Why health IT has under-delivered, and how we can recover the promise of the 2010s.
One could be forgiven for believing the 2010s should have been a golden age for health IT. Between employers fed up with ballooning costs, pressures from the new ACA plans, and the implementation of MACRA, the environment seemed ripe for sweeping transformation in healthcare delivery.
But our health systems installed Epic and stopped there.  It is not clear that care quality is much better in 2020 than it was in 2010. And far from doing more with less, our providers actually have been doing less with more. According to McKinsey, multifactor productivity in healthcare delivery “decreased by about 420 bps per annum” through most of the 2010s. 
What happened to the Smart Enterprise wave that was promised in healthcare? What happened to precision medicine and data-driven decision support? Where are our AI pathologists?
Reasons behind the stagnation
There is not just one simple reason behind health IT’s relative stagnation. Rather, the confluence of dozens have held back innovation.
EHR software from most major vendors is notoriously challenging to extend. Limited interoperability means new capabilities are challenging or impossible to build. And once installed, replatforming is a step too costly for most health systems to consider.
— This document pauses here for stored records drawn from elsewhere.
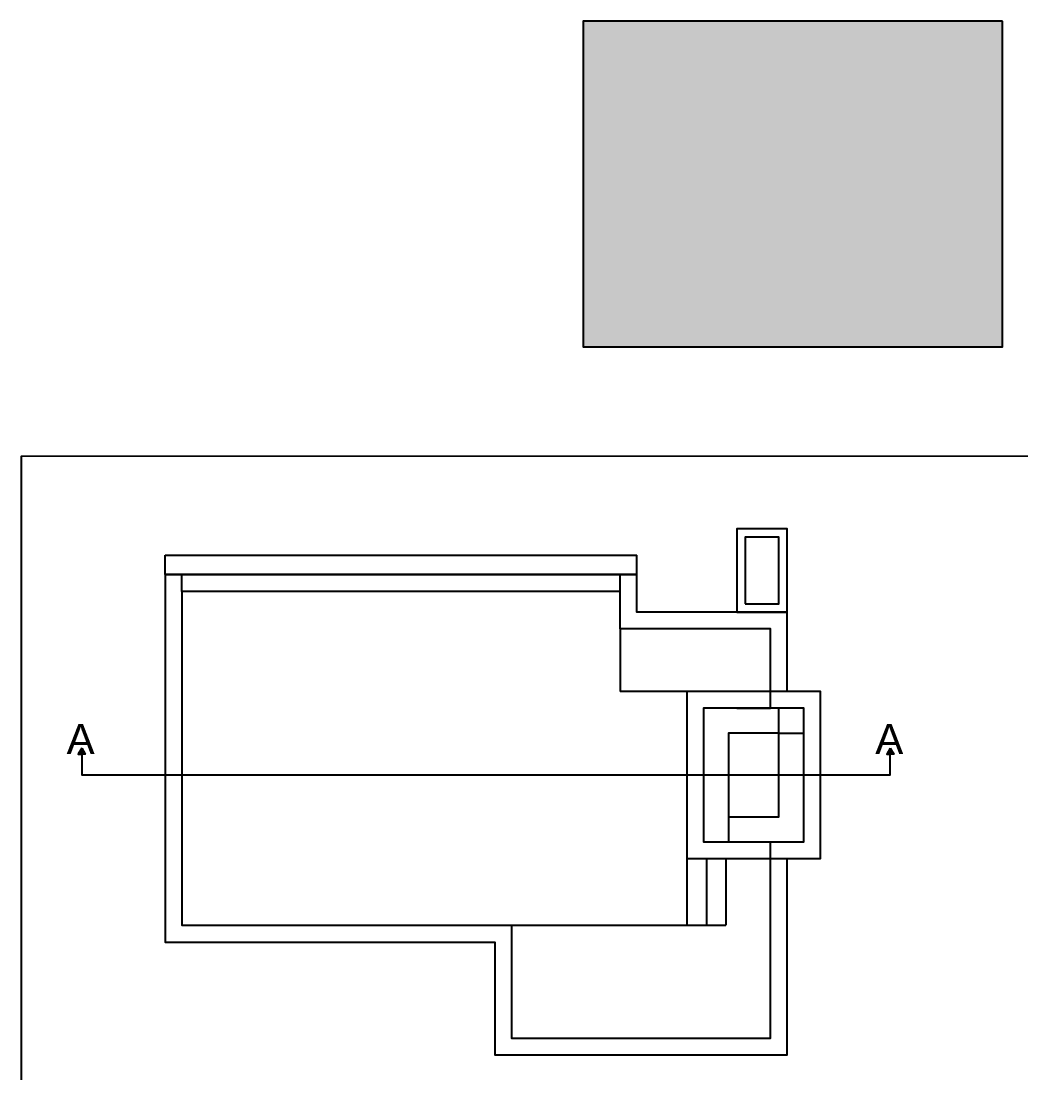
# Model space of a CAD drawing. Header units: inches. Extents: x 1 to 3312, y -950 to 1520.
# Drawn here: x 2064.4 to 2271.5, y 576.8 to 794.5 of the extents above; entities that cross this region are included whole.
import ezdxf

# ---------------------------------------------------------------- set-up
doc = ezdxf.new("R2010")
doc.units = ezdxf.units.IN
doc.header["$MEASUREMENT"] = 0
doc.styles.get("Standard").update_dxf_attribs({"font": 'arial.ttf'})

msp = doc.modelspace()

# ---------------------------------------------------------------- hatches: boundary and pattern name
at = {"ltscale": 0.5, "true_color": 0xc7c8ca}
h = msp.add_hatch(color=9, dxfattribs=at)
h.dxf.hatch_style = 1
h.paths.add_polyline_path([(2267.62023, 794.47069), (2180.8204, 794.47069), (2180.8204, 727.0656), (2267.62023, 727.0656)])
at = {"ltscale": 0.5}
h = msp.add_hatch(color=1, dxfattribs=at)
h.dxf.hatch_style = 1
h.paths.add_polyline_path([(2076.9919, 644.01371), (2076.24212, 642.71506), (2076.9919, 642.71506)])
h.paths.add_polyline_path([(2076.9919, 644.01371), (2076.9919, 642.71506), (2077.74168, 642.71506)])
h = msp.add_hatch(color=1, dxfattribs=at)
h.dxf.hatch_style = 1
h.paths.add_polyline_path([(2244.39912, 644.01371), (2243.64934, 642.71506), (2244.39912, 642.71506)])
h.paths.add_polyline_path([(2244.39912, 644.01371), (2244.39912, 642.71506), (2245.1489, 642.71506)])

# ---------------------------------------------------------------- linework, layer by layer
at = {"color": 252, "ltscale": 0.5, "true_color": 0x939598}
for p, q in [((2094.28701, 683.92862), (2191.91901, 683.92862)), ((2094.28701, 679.89662), (2094.28701, 683.92862)), ((2191.91901, 679.89662), (2191.91901, 683.92862)), ((2094.28701, 679.89662), (2191.91901, 679.89662)), ((2097.74301, 676.44062), (2097.74301, 679.89662)), ((2188.46301, 676.44062), (2188.46301, 679.89662)), ((2212.65501, 672.12062), (2223.02054, 672.12062)), ((2188.46301, 668.66462), (2188.46301, 655.70462)), ((2202.28701, 655.70462), (2188.46301, 655.70462)), ((2212.65501, 652.24862), (2219.56701, 652.24862)), ((2221.29501, 647.06462), (2221.29501, 652.24862)), ((2221.29501, 647.06462), (2226.47901, 647.06462)), ((2210.92701, 629.78462), (2210.92701, 624.60062)), ((2202.28701, 621.14462), (2202.28701, 607.32062)), ((2206.31901, 621.14462), (2206.31901, 607.32062)), ((2210.35101, 621.14462), (2210.35101, 607.32062)), ((2165.99901, 607.32062), (2210.35101, 607.32062)), ((2094.28726, 603.86462), (2094.28701, 603.86462))]:
    msp.add_line(p, q, dxfattribs=at)
at = {"color": 0, "ltscale": 0.5}
msp.add_lwpolyline([(2267.62023, 794.47069), (2180.8204, 794.47069), (2180.8204, 727.0656), (2267.62023, 727.0656)], close=True, dxfattribs=at)
msp.add_lwpolyline([(2820.87586, 130.94133), (2820.87586, 704.47347), (2064.43778, 704.32323), (2064.43778, 130.70266), (2820.87586, 130.8529)], dxfattribs=at)
at = {"color": 252, "ltscale": 0.5, "true_color": 0x939598}
msp.add_lwpolyline([(2223.02301, 672.12062), (2223.02301, 689.40062), (2212.65501, 689.40062), (2212.65501, 672.12062), (2214.38301, 672.12062)], dxfattribs=at)
for points in [[(2214.38301, 673.84862), (2221.29501, 673.84862), (2221.29501, 687.67262), (2214.38301, 687.67262)], [(2094.28701, 679.89662), (2094.28701, 603.86462), (2159.95101, 603.86462), (2162.54301, 603.86462), (2162.54301, 583.12862), (2162.54301, 580.53662), (2223.02301, 580.53662), (2223.02301, 621.14462), (2229.93501, 621.14462), (2229.93501, 653.11262), (2229.93501, 655.70462), (2223.02301, 655.70462), (2223.02301, 669.52862), (2223.02301, 672.12062), (2191.91901, 672.12062), (2191.91901, 679.03262), (2191.91901, 679.89662)], [(2097.74301, 676.44062), (2097.74301, 607.32062), (2159.95101, 607.32062), (2165.99901, 607.32062), (2165.99901, 583.99262), (2219.56701, 583.99262), (2219.56701, 624.60062), (2226.47901, 624.60062), (2226.47901, 652.24862), (2219.56701, 652.24862), (2219.56701, 668.66462), (2188.46301, 668.66462), (2188.46301, 676.44062)], [(2229.93501, 655.70462), (2202.28701, 655.70462), (2202.28701, 621.14462), (2229.93501, 621.14462)], [(2226.47901, 652.24862), (2205.74301, 652.24862), (2205.74301, 624.60062), (2226.47901, 624.60062)], [(2221.29501, 647.06462), (2210.92701, 647.06462), (2210.92701, 629.78462), (2221.29501, 629.78462)]]:
    msp.add_lwpolyline(points, close=True, dxfattribs=at)
at = {"color": 1, "ltscale": 0.5}
for points in [[(2076.9919, 644.01371), (2076.24212, 642.71506), (2076.9919, 642.71506)], [(2076.9919, 644.01371), (2076.9919, 638.48117), (2244.39912, 638.48117), (2244.39912, 644.01371)], [(2076.9919, 644.01371), (2077.74168, 642.71506), (2076.9919, 642.71506)], [(2244.39912, 644.01371), (2243.64934, 642.71506), (2244.39912, 642.71506)], [(2244.39912, 644.01371), (2245.1489, 642.71506), (2244.39912, 642.71506)]]:
    msp.add_lwpolyline(points, dxfattribs=at)

# ---------------------------------------------------------------- texts
at = {"color": 1, "ltscale": 0.5, "char_height": 6.21473, "attachment_point": 1}
for insert in [(2073.88218, 649.0153), (2241.2894, 649.0153)]:
    msp.add_mtext_dynamic_manual_height_columns('A', width=80.1966994, gutter_width=0.576, heights=[0], dxfattribs=dict(at, insert=insert))

doc.saveas('drawing.dxf')
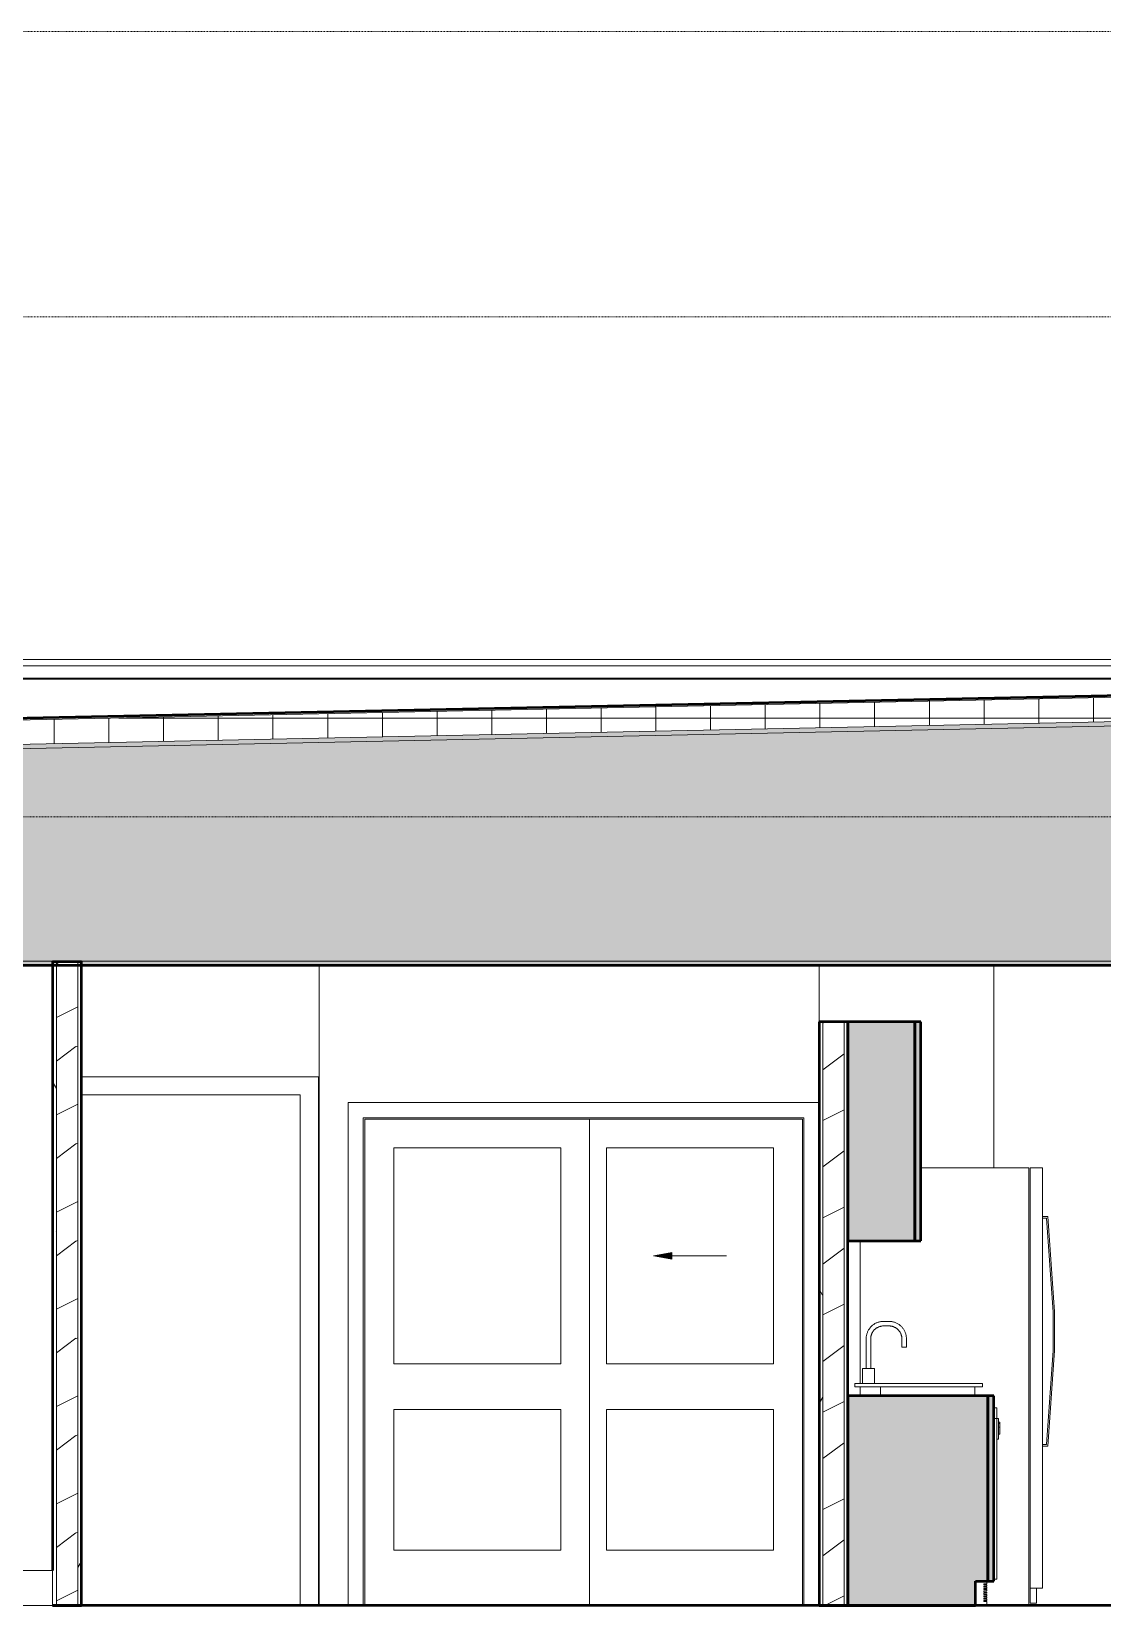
# Model space of a CAD drawing. Header units: inches. Extents: x 9610 to 16692, y -360 to 647.
# Drawn here: x 10515.2 to 10691.4, y 268 to 527 of the extents above; entities that cross this region are included whole.
import ezdxf

# ---------------------------------------------------------------- set-up
doc = ezdxf.new("R2010")
doc.units = ezdxf.units.IN
doc.header["$MEASUREMENT"] = 0
doc.linetypes.add('Aligning Line 1_8_', pattern=[0.25, 0.125, -0.125])
for name, color, linetype, lineweight in [('0-1', 7, 'Continuous', 5), ('0-2', 250, 'Continuous', 9), ('A-DETL-GENF-1', 135, 'Continuous', 13), ('A-DETL-GENF-2', 55, 'Continuous', 9), ('A-DOOR-1', 250, 'Continuous', 9), ('A-DOOR-FRAM-1', 250, 'Continuous', 9), ('A-FLOR-10', 192, 'Continuous', 50), ('A-ROOF', 132, 'Continuous', 13), ('A-ROOF-1', 252, 'Continuous', 13), ('A-ROOF-2', 31, 'Continuous', 5), ('A-ROOF-3', 132, 'Continuous', 50), ('A-ROOF-PATT-1', 132, 'Continuous', 9), ('A-WALL-1', 10, 'Continuous', 50), ('A-WALL-2', 7, 'Continuous', 13), ('A-WALL-3', 135, 'Continuous', 13), ('A-WALL-PATT-1', 250, 'Continuous', 9), ('A-WALL-PATT-2', 55, 'Continuous', 9), ('G-ANNO-SYMB', 111, 'Aligning Line 1_8_', 9), ('P-SANR-FIXT-1', 55, 'Continuous', 9), ('Q-CASE-1', 53, 'Continuous', 9), ('Q-CASE-2', 10, 'Continuous', 50), ('Q-SPCQ-1', 55, 'Continuous', 9)]:
    doc.layers.add(name, color=color, linetype=linetype, lineweight=lineweight)
pattern_1 = [(0, (10995.947, 72), (30.72, 7.68), [1.267, -21.773, 1.267, -21.773, -122.88]), (0, (10995.947, 72), (30.72, 7.68), [-46.08, 1.267, -44.813, 1.267, -21.773, -53.76]), (0, (10995.947, 72), (30.72, 7.68), [-115.2, 1.267, -14.093, 1.267, -37.133]), (120, (11007.467, 75.84), (-22.011075, 22.7643), [1.267, -21.773, 1.267, -21.773, -122.88]), (120, (11007.467, 75.84), (-22.011075, 22.7643), [-46.08, 1.267, -44.813, 1.267, -21.773, -53.76]), (120, (11007.467, 75.84), (-22.011075, 22.7643), [-115.2, 1.267, -14.093, 1.267, -37.133]), (240, (11011.307, 91.2), (-8.708925, -30.4443), [1.267, -21.773, 1.267, -21.773, -122.88]), (240, (11011.307, 91.2), (-8.708925, -30.4443), [-46.08, 1.267, -44.813, 1.267, -21.773, -53.76]), (240, (11011.307, 91.2), (-8.708925, -30.4443), [-115.2, 1.267, -14.093, 1.267, -37.133])]
pattern_2 = [(216.87, (11002.345, 87.994), (47.980943, 31.987086), [7.997, -71.971]), (206.565, (11011.941, 83.196), (-15.99371, -15.99413), [17.881, -17.881]), (198.435, (11011.941, 75.199), (-31.98674, -15.99388), [10.115, -40.461])]

# ---------------------------------------------------------------- blocks, each defined once
blk = doc.blocks.new('FOLDING_SLIDING CLOSET - 72_ x 80_-1372885-BUILDING SECTION - EAST_WEST - LOOKING NORTH')
at = {"layer": 'A-DETL-GENF-1'}
blk.add_hatch(color=256, dxfattribs=at).paths.add_polyline_path([(10620.57, 193), (10620.57, 194.06), (10617.56, 193.53)], flags=0)
at = {"layer": 'A-DETL-GENF-2'}
for p, q in [((10620.57, 194.06), (10617.56, 193.53)), ((10629.56, 193.53), (10617.56, 193.53)), ((10617.56, 193.53), (10620.57, 193)), ((10620.57, 193), (10620.57, 194.06))]:
    blk.add_line(p, q, dxfattribs=at)
at = {"layer": 'A-DOOR-1'}
for p, q in [((10644.81, 218.75), (10567.31, 218.75)), ((10567.31, 218.75), (10567.31, 136)), ((10569.81, 136), (10569.81, 216.25)), ((10569.81, 216.25), (10642.31, 216.25)), ((10570.06, 216), (10570.06, 136)), ((10607.06, 216), (10570.06, 216)), ((10607.06, 136), (10607.06, 216)), ((10642.31, 136), (10642.31, 216.25)), ((10574.81, 211.31), (10602.31, 211.31)), ((10574.81, 175.75), (10574.81, 211.31)), ((10602.31, 211.31), (10602.31, 175.75)), ((10609.81, 211.31), (10637.31, 211.31)), ((10609.81, 175.75), (10609.81, 211.31)), ((10637.31, 211.31), (10637.31, 175.75)), ((10602.31, 175.75), (10574.81, 175.75)), ((10637.31, 175.75), (10609.81, 175.75)), ((10574.81, 168.25), (10602.31, 168.25)), ((10574.81, 145.13), (10574.81, 168.25)), ((10602.31, 168.25), (10602.31, 145.13)), ((10609.81, 168.25), (10637.31, 168.25)), ((10609.81, 145.13), (10609.81, 168.25)), ((10637.31, 168.25), (10637.31, 145.13)), ((10602.31, 145.13), (10574.81, 145.13)), ((10637.31, 145.13), (10609.81, 145.13))]:
    blk.add_line(p, q, dxfattribs=at)
at = {"layer": 'A-DOOR-FRAM-1'}
for p, q in [((10570.06, 136), (10570.06, 216)), ((10570.06, 216), (10642.06, 216)), ((10642.06, 136), (10642.06, 216))]:
    blk.add_line(p, q, dxfattribs=at)
blk = doc.blocks.new('Refrigerator_-_Side-by-Side_6047 - 36_ X 30_-V5-BUILDING SECTION - EAST_WEST - LOOKING NORTH')
at = {"layer": 'Q-SPCQ-1'}
for p, q in [((10679.31, 208), (10661.56, 208)), ((10679.31, 136), (10679.31, 208)), ((10679.56, 138.87), (10679.56, 208)), ((10679.56, 208), (10681.56, 208)), ((10681.56, 208), (10681.56, 138.87)), ((10682.46, 200), (10681.56, 200)), ((10681.56, 199.75), (10682.22, 199.75)), ((10682.22, 199.75), (10683.31, 184.28)), ((10683.56, 184.29), (10682.46, 200)), ((10651.56, 196), (10651.56, 172.5)), ((10683.31, 184.28), (10683.31, 177.95)), ((10683.56, 177.94), (10683.56, 184.29)), ((10683.31, 177.95), (10682.22, 162.48)), ((10682.46, 162.23), (10683.56, 177.94)), ((10651.56, 172), (10651.56, 170.5)), ((10682.22, 162.48), (10681.56, 162.48)), ((10681.56, 162.23), (10682.46, 162.23)), ((10680.56, 138.87), (10679.56, 138.87)), ((10679.56, 138.87), (10679.56, 136.37)), ((10679.56, 138.87), (10681.56, 138.87)), ((10680.56, 136.37), (10680.56, 138.87)), ((10679.56, 136.37), (10680.56, 136.37))]:
    blk.add_line(p, q, dxfattribs=at)
blk = doc.blocks.new('OD_CW_Base Cabinet - OD_CW_Base Cabinet-1964684-BUILDING SECTION - EAST_WEST - LOOKING NORTH')
at = {"layer": 'Q-CASE-1'}
for points in [[(10651.56, 136), (10670.56, 136), (10670.56, 140), (10672.56, 140), (10672.56, 170.5), (10649.56, 170.5), (10649.56, 136)], [(10673.56, 140), (10673.56, 170.5), (10672.56, 170.5), (10672.56, 140)]]:
    blk.add_hatch(color=256, dxfattribs=at).paths.add_polyline_path(points, flags=0)
at = {"layer": 'Q-CASE-2'}
for p, q in [((10672.56, 170.5), (10649.56, 170.5)), ((10649.56, 170.5), (10649.56, 136)), ((10673.56, 170.5), (10672.56, 170.5)), ((10672.56, 170.5), (10672.56, 140)), ((10672.56, 140), (10672.56, 170.5)), ((10673.56, 140), (10673.56, 170.5)), ((10670.56, 136), (10670.56, 140)), ((10670.56, 140), (10672.56, 140)), ((10672.56, 140), (10673.56, 140)), ((10649.56, 136), (10670.56, 136))]:
    blk.add_line(p, q, dxfattribs=at)
blk = doc.blocks.new('Sink Kitchen-Single - 30_ x 21_-1372827-BUILDING SECTION - EAST_WEST - LOOKING NORTH')
at = {"layer": 'P-SANR-FIXT-1'}
for p, q in [((10656.31, 182.75), (10655.43, 182.75)), ((10655.43, 182), (10656.31, 182)), ((10652.56, 179.88), (10652.56, 175)), ((10653.31, 175), (10653.31, 179.88)), ((10658.43, 179.88), (10658.43, 178.5)), ((10659.18, 178.5), (10659.18, 179.88)), ((10659.18, 178.5), (10658.43, 178.5)), ((10651.93, 175), (10651.93, 172.5)), ((10651.93, 175), (10651.93, 172.5)), ((10651.96, 175), (10651.96, 175)), ((10651.96, 175), (10652.93, 175)), ((10652.93, 175), (10653.91, 175)), ((10653.91, 175), (10653.91, 175)), ((10653.93, 172.5), (10653.93, 175)), ((10653.93, 172.5), (10653.93, 175)), ((10650.68, 172.5), (10671.68, 172.5)), ((10650.68, 172), (10650.68, 172.5)), ((10671.68, 172), (10650.68, 172)), ((10654.93, 172), (10654.93, 170.5)), ((10670.43, 170.5), (10670.43, 172)), ((10671.68, 172.5), (10671.68, 172))]:
    blk.add_line(p, q, dxfattribs=at)
at = {"layer": 'P-SANR-FIXT-1', "flags": 128}
for points in [[(10655.43, 182.75), (10655.32, 182.75), (10655.2, 182.74), (10655.09, 182.73), (10654.97, 182.71), (10654.86, 182.69), (10654.75, 182.67), (10654.64, 182.64), (10654.53, 182.6), (10654.42, 182.57), (10654.31, 182.52), (10654.21, 182.48), (10654.1, 182.43), (10654, 182.37), (10653.9, 182.31), (10653.81, 182.25), (10653.71, 182.18), (10653.62, 182.11), (10653.54, 182.04), (10653.45, 181.96), (10653.37, 181.88), (10653.29, 181.79), (10653.22, 181.71), (10653.14, 181.62), (10653.08, 181.52), (10653.01, 181.43), (10652.95, 181.33), (10652.9, 181.23), (10652.84, 181.13), (10652.8, 181.02), (10652.75, 180.92), (10652.71, 180.81), (10652.68, 180.7), (10652.65, 180.59), (10652.62, 180.48), (10652.6, 180.36), (10652.58, 180.25), (10652.57, 180.14), (10652.56, 180.02), (10652.56, 179.91), (10652.56, 179.88)], [(10653.31, 179.88), (10653.31, 179.96), (10653.31, 180.04), (10653.32, 180.13), (10653.33, 180.21), (10653.35, 180.3), (10653.37, 180.38), (10653.39, 180.46), (10653.41, 180.54), (10653.44, 180.62), (10653.47, 180.7), (10653.51, 180.78), (10653.55, 180.86), (10653.59, 180.93), (10653.63, 181), (10653.68, 181.07), (10653.73, 181.14), (10653.78, 181.21), (10653.83, 181.28), (10653.89, 181.34), (10653.95, 181.4), (10654.01, 181.46), (10654.08, 181.51), (10654.14, 181.57), (10654.21, 181.62), (10654.28, 181.66), (10654.36, 181.71), (10654.43, 181.75), (10654.51, 181.79), (10654.58, 181.82), (10654.66, 181.86), (10654.74, 181.88), (10654.82, 181.91), (10654.9, 181.93), (10654.99, 181.95), (10655.07, 181.97), (10655.15, 181.98), (10655.24, 181.99), (10655.32, 182), (10655.41, 182), (10655.43, 182)], [(10659.18, 179.88), (10659.18, 179.99), (10659.17, 180.1), (10659.16, 180.22), (10659.15, 180.33), (10659.12, 180.45), (10659.1, 180.56), (10659.07, 180.67), (10659.04, 180.78), (10659, 180.89), (10658.95, 180.99), (10658.91, 181.1), (10658.86, 181.2), (10658.8, 181.3), (10658.74, 181.4), (10658.68, 181.5), (10658.61, 181.59), (10658.54, 181.68), (10658.47, 181.77), (10658.39, 181.86), (10658.31, 181.94), (10658.23, 182.02), (10658.14, 182.09), (10658.05, 182.16), (10657.96, 182.23), (10657.86, 182.29), (10657.76, 182.35), (10657.66, 182.41), (10657.56, 182.46), (10657.45, 182.51), (10657.35, 182.55), (10657.24, 182.59), (10657.13, 182.63), (10657.02, 182.66), (10656.91, 182.69), (10656.8, 182.71), (10656.68, 182.73), (10656.57, 182.74), (10656.45, 182.75), (10656.34, 182.75), (10656.31, 182.75)], [(10656.31, 182), (10656.39, 182), (10656.48, 181.99), (10656.56, 181.98), (10656.65, 181.97), (10656.73, 181.96), (10656.81, 181.94), (10656.89, 181.92), (10656.98, 181.89), (10657.06, 181.86), (10657.13, 181.83), (10657.21, 181.8), (10657.29, 181.76), (10657.36, 181.72), (10657.44, 181.68), (10657.51, 181.63), (10657.58, 181.58), (10657.64, 181.53), (10657.71, 181.47), (10657.77, 181.42), (10657.83, 181.36), (10657.89, 181.29), (10657.94, 181.23), (10658, 181.16), (10658.05, 181.09), (10658.09, 181.02), (10658.14, 180.95), (10658.18, 180.88), (10658.22, 180.8), (10658.25, 180.72), (10658.29, 180.65), (10658.32, 180.57), (10658.34, 180.48), (10658.37, 180.4), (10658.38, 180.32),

Security and Privacy Requirements
HIPAA compliance imposes strict requirements on data handling and data storage. Some buyers require HITRUST certification. This adds complexity and cost to development and presents barriers for newcomers to the industry.
Extended Sales Cycles
Health systems frequently lack strong central buyers, requiring the alignment of multiple stakeholder groups to advance even a pilot. In line with security and privacy requirements above any sale will also require lengthy security questionnaires and audit processes after business approval. What might take 6 months in pharmaceuticals, manufacturing, and other industries likely requires 12 to 18 months in healthcare.
Changing workflow for any role in any industry is challenging — but making changes to how a clinician practices medicine can be particularly daunting. Liability concerns can also make practitioners skeptical of anything that replaces or influences their own judgement.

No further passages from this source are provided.